++++ Input for this task ++++
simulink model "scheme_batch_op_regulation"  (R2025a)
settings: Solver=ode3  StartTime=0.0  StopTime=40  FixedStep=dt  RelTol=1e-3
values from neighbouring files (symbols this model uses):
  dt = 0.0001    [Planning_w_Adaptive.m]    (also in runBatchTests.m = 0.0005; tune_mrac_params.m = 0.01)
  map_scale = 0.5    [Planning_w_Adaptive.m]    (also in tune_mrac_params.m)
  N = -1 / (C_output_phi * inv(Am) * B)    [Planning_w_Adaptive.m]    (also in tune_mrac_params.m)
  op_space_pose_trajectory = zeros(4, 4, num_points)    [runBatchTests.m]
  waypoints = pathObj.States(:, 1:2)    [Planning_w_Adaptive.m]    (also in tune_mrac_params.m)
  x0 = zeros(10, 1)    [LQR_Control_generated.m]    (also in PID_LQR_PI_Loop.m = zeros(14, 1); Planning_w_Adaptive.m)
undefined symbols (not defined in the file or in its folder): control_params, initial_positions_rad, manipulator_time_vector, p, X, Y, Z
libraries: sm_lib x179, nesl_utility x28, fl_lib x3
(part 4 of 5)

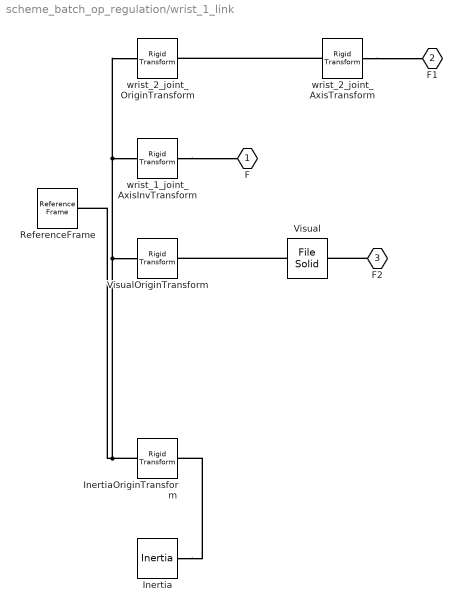
== system scheme_batch_op_regulation/wrist_1_link ==
  Inertia : sm_lib/Body Elements/Inertia  InertiaType=Custom  Mass=1.37  MassUnits=kg  CenterOfMass=[0, 0, 0]  CenterOfMassUnits=m  MomentsOfInertia=[0.00165491, 0.00126279, 0.00135962]  MomentsOfInertiaUnits=kg*m^2  ProductsOfInertia=[-0.00010157, -2.819999999999998e-06, 4.380000000000001e-06]  ProductsOfInertiaUnits=kg*m^2  GraphicType=None  MarkerShape=Inertia  MarkerSize=20  GraphicVisPropType=SimpleVisualProperties  GraphicDiffuseColor=[0.5 0.5 0.5]  GraphicOpacity=1  GraphicSpecularColor=[0.5 0.5 0.5 1.0]  GraphicAmbientColor=[0.15 0.15 0.15 1.0]  GraphicEmissiveColor=[0.0 0.0 0.0 1.0]  GraphicShininess=75
  InertiaOriginTransform : sm_lib/Frames and Transforms/Rigid Transform  RotationMethod=RotationSequence  FollAlignAxisA=+X  BaseAlignAxisA=+Y  FollAlignAxisB=+Y  BaseAlignAxisB=+Z  RotationStandardAxis=+Z  RotationAngle=0  RotationAngleUnits=deg  RotationArbitraryAxis=[0 0 1]  RotationSequenceAxes=BaseAxes  RotationSequence=XYZ  RotationSequenceAngles=[0, 0, 0]  RotationSequenceAnglesUnits=rad  RotationMatrix=[1 0 0;0 1 0;0 0 1]  Quaternion=[1 0 0 0]  TranslationMethod=Cartesian  TranslationCartesianOffset=[0, -0.01634, -0.0018]  TranslationCartesianOffsetUnits=m  TranslationStandardAxis=+Z  TranslationStandardOffset=0  TranslationStandardOffsetUnits=m  TranslationROffset=0  TranslationROffsetUnits=m  TranslationThetaOffset=0  TranslationThetaOffsetUnits=deg  TranslationZOffset=0  TranslationZOffsetUnits=m
  ReferenceFrame : sm_lib/Frames and Transforms/Reference Frame
  Visual : sm_lib/Body Elements/File Solid  ExtGeomFileName=C:\Users\robyr\Desktop\MatDrive\Published\FieldProject\generated\ros_packages\ur_description\meshes\ur5e\visual\wrist1.dae  UnitType=Custom  ExtGeomFileUnits=m  StepReaderType=HEX  ExportConvexHullGeometry=on  InertiaType=Custom  BasedOnType=DensityFromFile  Density=1000  DensityUnits=kg/m^3  Mass=0  MassUnits=kg  CenterOfMass=[0, 0, 0]  CenterOfMassUnits=m  MomentsOfInertia=[0, 0, 0]  MomentsOfInertiaUnits=kg*m^2  ProductsOfInertia=[0, 0, 0]  ProductsOfInertiaUnits=kg*m^2  GraphicType=FromGeometry  MarkerShape=Sphere  MarkerSize=10  GraphicVisPropType=SimpleVisualProperties  GraphicDiffuseColor=[0.5, 0.5, 0.5]  GraphicOpacity=1  GraphicSpecularColor=[0.5 0.5 0.5 1.0]  GraphicAmbientColor=[0.15 0.15 0.15 1.0]  GraphicEmissiveColor=[0.0 0.0 0.0 1.0]  GraphicShininess=75  DoExposeReferenceFrame=on  SerializedFrames=<Frames/>
  VisualOriginTransform : sm_lib/Frames and Transforms/Rigid Transform  RotationMethod=RotationSequence  FollAlignAxisA=+X  BaseAlignAxisA=+Y  FollAlignAxisB=+Y  BaseAlignAxisB=+Z  RotationStandardAxis=+Z  RotationAngle=0  RotationAngleUnits=deg  RotationArbitraryAxis=[0 0 1]  RotationSequenceAxes=BaseAxes  RotationSequence=XYZ  RotationSequenceAngles=[1.570796326794897, 0, 0]  RotationSequenceAnglesUnits=rad  RotationMatrix=[1 0 0;0 1 0;0 0 1]  Quaternion=[1 0 0 0]  TranslationMethod=Cartesian  TranslationCartesianOffset=[0, 0, -0.127]  TranslationCartesianOffsetUnits=m  TranslationStandardAxis=+Z  TranslationStandardOffset=0  TranslationStandardOffsetUnits=m  TranslationROffset=0  TranslationROffsetUnits=m  TranslationThetaOffset=0  TranslationThetaOffsetUnits=deg  TranslationZOffset=0  TranslationZOffsetUnits=m
  wrist_1_joint_AxisInvTransform : sm_lib/Frames and Transforms/Rigid Transform  RotationMethod=ArbitraryAxis  FollAlignAxisA=+X  BaseAlignAxisA=+Y  FollAlignAxisB=+Y  BaseAlignAxisB=+Z  RotationStandardAxis=+Z  RotationAngle=0  RotationAngleUnits=rad  RotationArbitraryAxis=[1, 0, 0]  RotationSequenceAxes=FollowerAxes  RotationSequence=XYX  RotationSequenceAngles=[0 0 0]  RotationSequenceAnglesUnits=deg  RotationMatrix=[1 0 0;0 1 0;0 0 1]  Quaternion=[1 0 0 0]  TranslationMethod=Cartesian  TranslationCartesianOffset=[0, 0, 0]  TranslationCartesianOffsetUnits=m  TranslationStandardAxis=+Z  TranslationStandardOffset=0  TranslationStandardOffsetUnits=m  TranslationROffset=0  TranslationROffsetUnits=m  TranslationThetaOffset=0  TranslationThetaOffsetUnits=deg  TranslationZOffset=0  TranslationZOffsetUnits=m
  wrist_2_joint_AxisTransform : sm_lib/Frames and Transforms/Rigid Transform  RotationMethod=ArbitraryAxis  FollAlignAxisA=+X  BaseAlignAxisA=+Y  FollAlignAxisB=+Y  BaseAlignAxisB=+Z  RotationStandardAxis=+Z  RotationAngle=0  RotationAngleUnits=rad  RotationArbitraryAxis=[1, 0, 0]  RotationSequenceAxes=FollowerAxes  RotationSequence=XYX  RotationSequenceAngles=[0 0 0]  RotationSequenceAnglesUnits=deg  RotationMatrix=[1 0 0;0 1 0;0 0 1]  Quaternion=[1 0 0 0]  TranslationMethod=Cartesian  TranslationCartesianOffset=[0, 0, 0]  TranslationCartesianOffsetUnits=m  TranslationStandardAxis=+Z  TranslationStandardOffset=0  TranslationStandardOffsetUnits=m  TranslationROffset=0  TranslationROffsetUnits=m  TranslationThetaOffset=0  TranslationThetaOffsetUnits=deg  TranslationZOffset=0  TranslationZOffsetUnits=m
  wrist_2_joint_OriginTransform : sm_lib/Frames and Transforms/Rigid Transform  RotationMethod=RotationSequence  FollAlignAxisA=+X  BaseAlignAxisA=+Y  FollAlignAxisB=+Y  BaseAlignAxisB=+Z  RotationStandardAxis=+Z  RotationAngle=0  RotationAngleUnits=deg  RotationArbitraryAxis=[0 0 1]  RotationSequenceAxes=BaseAxes  RotationSequence=XYZ  RotationSequenceAngles=[1.570796327, -0, 0]  RotationSequenceAnglesUnits=rad  RotationMatrix=[1 0 0;0 1 0;0 0 1]  Quaternion=[1 0 0 0]  TranslationMethod=Cartesian  TranslationCartesianOffset=[0, -0.0997, -2.044881182297852e-11]  TranslationCartesianOffsetUnits=m  TranslationStandardAxis=+Z  TranslationStandardOffset=0  TranslationStandardOffsetUnits=m  TranslationROffset=0  TranslationROffsetUnits=m  TranslationThetaOffset=0  TranslationThetaOffsetUnits=deg  TranslationZOffset=0  TranslationZOffsetUnits=m
  F : PMIOPort  Side=Left
  F1 : PMIOPort  Port=2  Side=Right
  F2 : PMIOPort  Port=3  Side=Left
  connections:
  Inertia/RConn1 -- InertiaOriginTransform/RConn1
  ReferenceFrame/RConn1 -- InertiaOriginTransform/LConn1 -- wrist_1_joint_AxisInvTransform/LConn1 -- wrist_2_joint_OriginTransform/LConn1 -- VisualOriginTransform/LConn1
  Visual/RConn1 -- VisualOriginTransform/RConn1
  wrist_1_joint_AxisInvTransform/RConn1 -- F/RConn1
  wrist_2_joint_AxisTransform/RConn1 -- F1/RConn1
  wrist_2_joint_AxisTransform/LConn1 -- wrist_2_joint_OriginTransform/RConn1
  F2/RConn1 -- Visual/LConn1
++++
§ What is being asked:
If a line falls between the first line of the records and the line containing "N = -1 / (C_output_phi", inclusive, repeat it exactly; leave out all others.

§ Result for this task:
simulink model "scheme_batch_op_regulation"  (R2025a)
settings: Solver=ode3  StartTime=0.0  StopTime=40  FixedStep=dt  RelTol=1e-3
values from neighbouring files (symbols this model uses):
  dt = 0.0001    [Planning_w_Adaptive.m]    (also in runBatchTests.m = 0.0005; tune_mrac_params.m = 0.01)
  map_scale = 0.5    [Planning_w_Adaptive.m]    (also in tune_mrac_params.m)
  N = -1 / (C_output_phi * inv(Am) * B)    [Planning_w_Adaptive.m]    (also in tune_mrac_params.m)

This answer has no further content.